Britts Abroad (S.O.S: Sisters on Safari)
My sister and I went on the most ridiculous all inclusive
holiday in Mallorca. It was bonkers. We had our mouths open from start to
finish. It was the epitome of the Britt’s abroad anti culture we have grown to
know and loathe. There was nothing Spanish about 853 room super resort, strait
out the 70’s and so were the people. All there was to do was eat and drink and
secretly take pictures of the animals at the zoo…
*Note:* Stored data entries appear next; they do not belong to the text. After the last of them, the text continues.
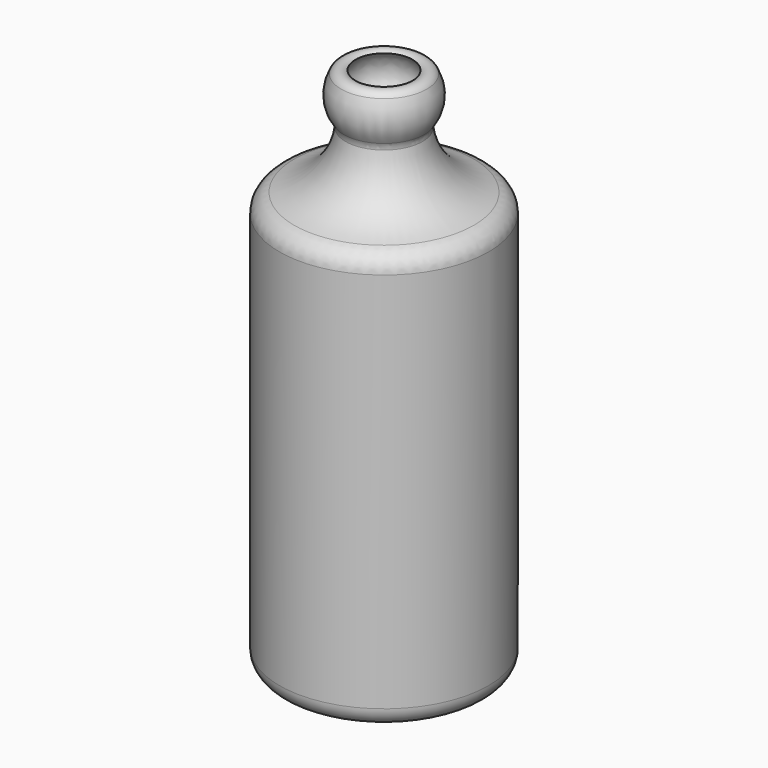
from build123d import *

# Parameters (mm, degrees)
F2_R = 6.35
F3_R = 6.35
F5_R = 3.175
F6_R = 6.35
F7_R = 6.35


# Not quite as in the source:
# - a fillet or chamfer that OpenCascade refuses, or shapes differently, is made with other operations: its cross-section is extruded or revolved along the edge and cut away or added


with BuildPart() as f1:
    # F0 (on Front) → F1 (revolve)
    with BuildSketch(Plane.XZ):
        with BuildLine():
            Line((31.75, 0), (0, 0))
            Line((0, 0), (0, -3.175))
            Line((0, -3.175), (34.925, -3.175))
            Line((34.925, -3.175), (34.925, 136.3257812379))
            ThreePointArc((34.925, 136.3257812379), (19.661541674, 142.3959842744), (12.7357473371, 157.2907450236))
            ThreePointArc((12.7357473371, 157.2907450236), (15.7038360971, 167.7283408709), (9.525, 176.6488196945))
            Line((9.525, 176.6488196945), (9.525, 172.749812895))
            ThreePointArc((9.525, 172.749812895), (12.7, 165.6502970665), (9.525, 158.5507812379))
            ThreePointArc((9.525, 158.5507812379), (15.875, 141.7502604126), (31.75, 133.35))
            Line((31.75, 133.35), (31.75, 0))
        make_face()
    revolve(axis=Axis((0, 0, 88.3244098473), (0, 0, -1)))

    # F2
    f2_edges = [f1.edges().sort_by_distance(p)[0] for p in [
        (-34.925, 0, 136.325781),
    ]]
    fillet(f2_edges, radius=F2_R)

    # F3
    f3_edges = [f1.edges().sort_by_distance(p)[0] for p in [
        (-34.925, 0, -3.175),
    ]]
    fillet(f3_edges, radius=F3_R)

    # F4: fillet of radius 3.175 on 1 edges, made by hand

    # F4_s1 → F4_t2 (revolve, cut)
    with BuildSketch(Plane.XZ):
        with BuildLine():
            ThreePointArc((14.2825038565, 171.8076794711), (12.1223989967, 173.382851233), (9.525, 172.749812895))
            Line((9.525, 172.749812895), (9.525, 176.6488196945))
            ThreePointArc((9.525, 176.6488196945), (12.2331604032, 174.5519671406), (14.2825038565, 171.8076794711))
        make_face()
    revolve(axis=Axis((0, 0, 176.6488196945), (0, 0, -1)), mode=Mode.SUBTRACT)

    # F5
    f5_edges = [f1.edges().sort_by_distance(p)[0] for p in [
        (-12.735747, 0, 157.290745),
    ]]
    fillet(f5_edges, radius=F5_R)

    # F6
    f6_edges = [f1.edges().sort_by_distance(p)[0] for p in [
        (-31.75, 0, 0),
    ]]
    fillet(f6_edges, radius=F6_R)

    # F7
    f7_edges = [f1.edges().sort_by_distance(p)[0] for p in [
        (-31.75, 0, 133.35),
    ]]
    fillet(f7_edges, radius=F7_R)


solid = f1.part

St’ terracotta was THE colour of the holiday.
Some people
actually blended in with the furniture.
Dehydrated prune was a status symbol.
The only way to blend in was to become one with the lobster
A genuine christening
My favourite pair of lesbians. . . |
The entertainment consisted of failed actors and
impersonators seemingly brought back from the dead. Cruise ship style singers
topped off with token mullets playing the last few decades ‘hit’s while the
audience drowned out the drones of the casio keyboard, at it’s best with an electro
reggae beat on repeat.
Other nights we had dancers, magicians, bingo, discos and a
Tom Jones impersonator. He really drove the audience wild. Females actually
took off their bras, dry humped there partners and then did a spontaneous
conger onto the stage. He definitely deserved an encore and for his finale he remixed ‘Show me the way to amerillo’ with
Hey Baby Ow Ah’
A-M-A-Z-I-N-G.
If the entertainment inside the resort wasn’t enough then there
was a local town full of the usual tourist garbollox, tat and totally terrible
trinkets. There were clubs after pubs after cocktail fusions, all crammed with
English holiday makers looking for absolutely nothing new.
The bars even played the nations favourite soaps back to back with Rugby headline the big screen every night. WOOOOO!!!
I think there were
some genuine gypsy children there too, dolled up to the 999’s. No self
respecting parent with a pair of slightly working eyes would let a child wear
the clothes these girls were sporting. It just wasn’t sain. Then again the
older ones gave them a run for there money, letting it all hang out over
breakfast, lunch and dinner. And do you know what- Fair play to them. When you
get to that age who gives a shit???? If you want to wear head to toe leopard
print, pink valour tracksuits and go topless when you 70+ why the hell not?
Sexy 69 in the garden..... |
That was another great thing. No one gave a shit. Literally,
there was no pretence, no one was showing off, no one was eyeing you up or
judging you for anything. People just didn’t care. There were there for 3
things and 3 things only. Food booze and terrible tan lines
Separated at birth....
We made absolutely no friends and gained about half a stone.
It was an amazing holiday but in a truly ironic way. I found my salvation, as
always, in postcards. I wanted them to be offensive but my only materials were
from leaflets advertising ‘Western
World’ or some deep sea experience so I couldn’t construct anything truly
cultural
All postcards are free to recieve and anyone who sends an address gets one, as long as the postmen dosent pocket them of course.
Art is to enjoy :)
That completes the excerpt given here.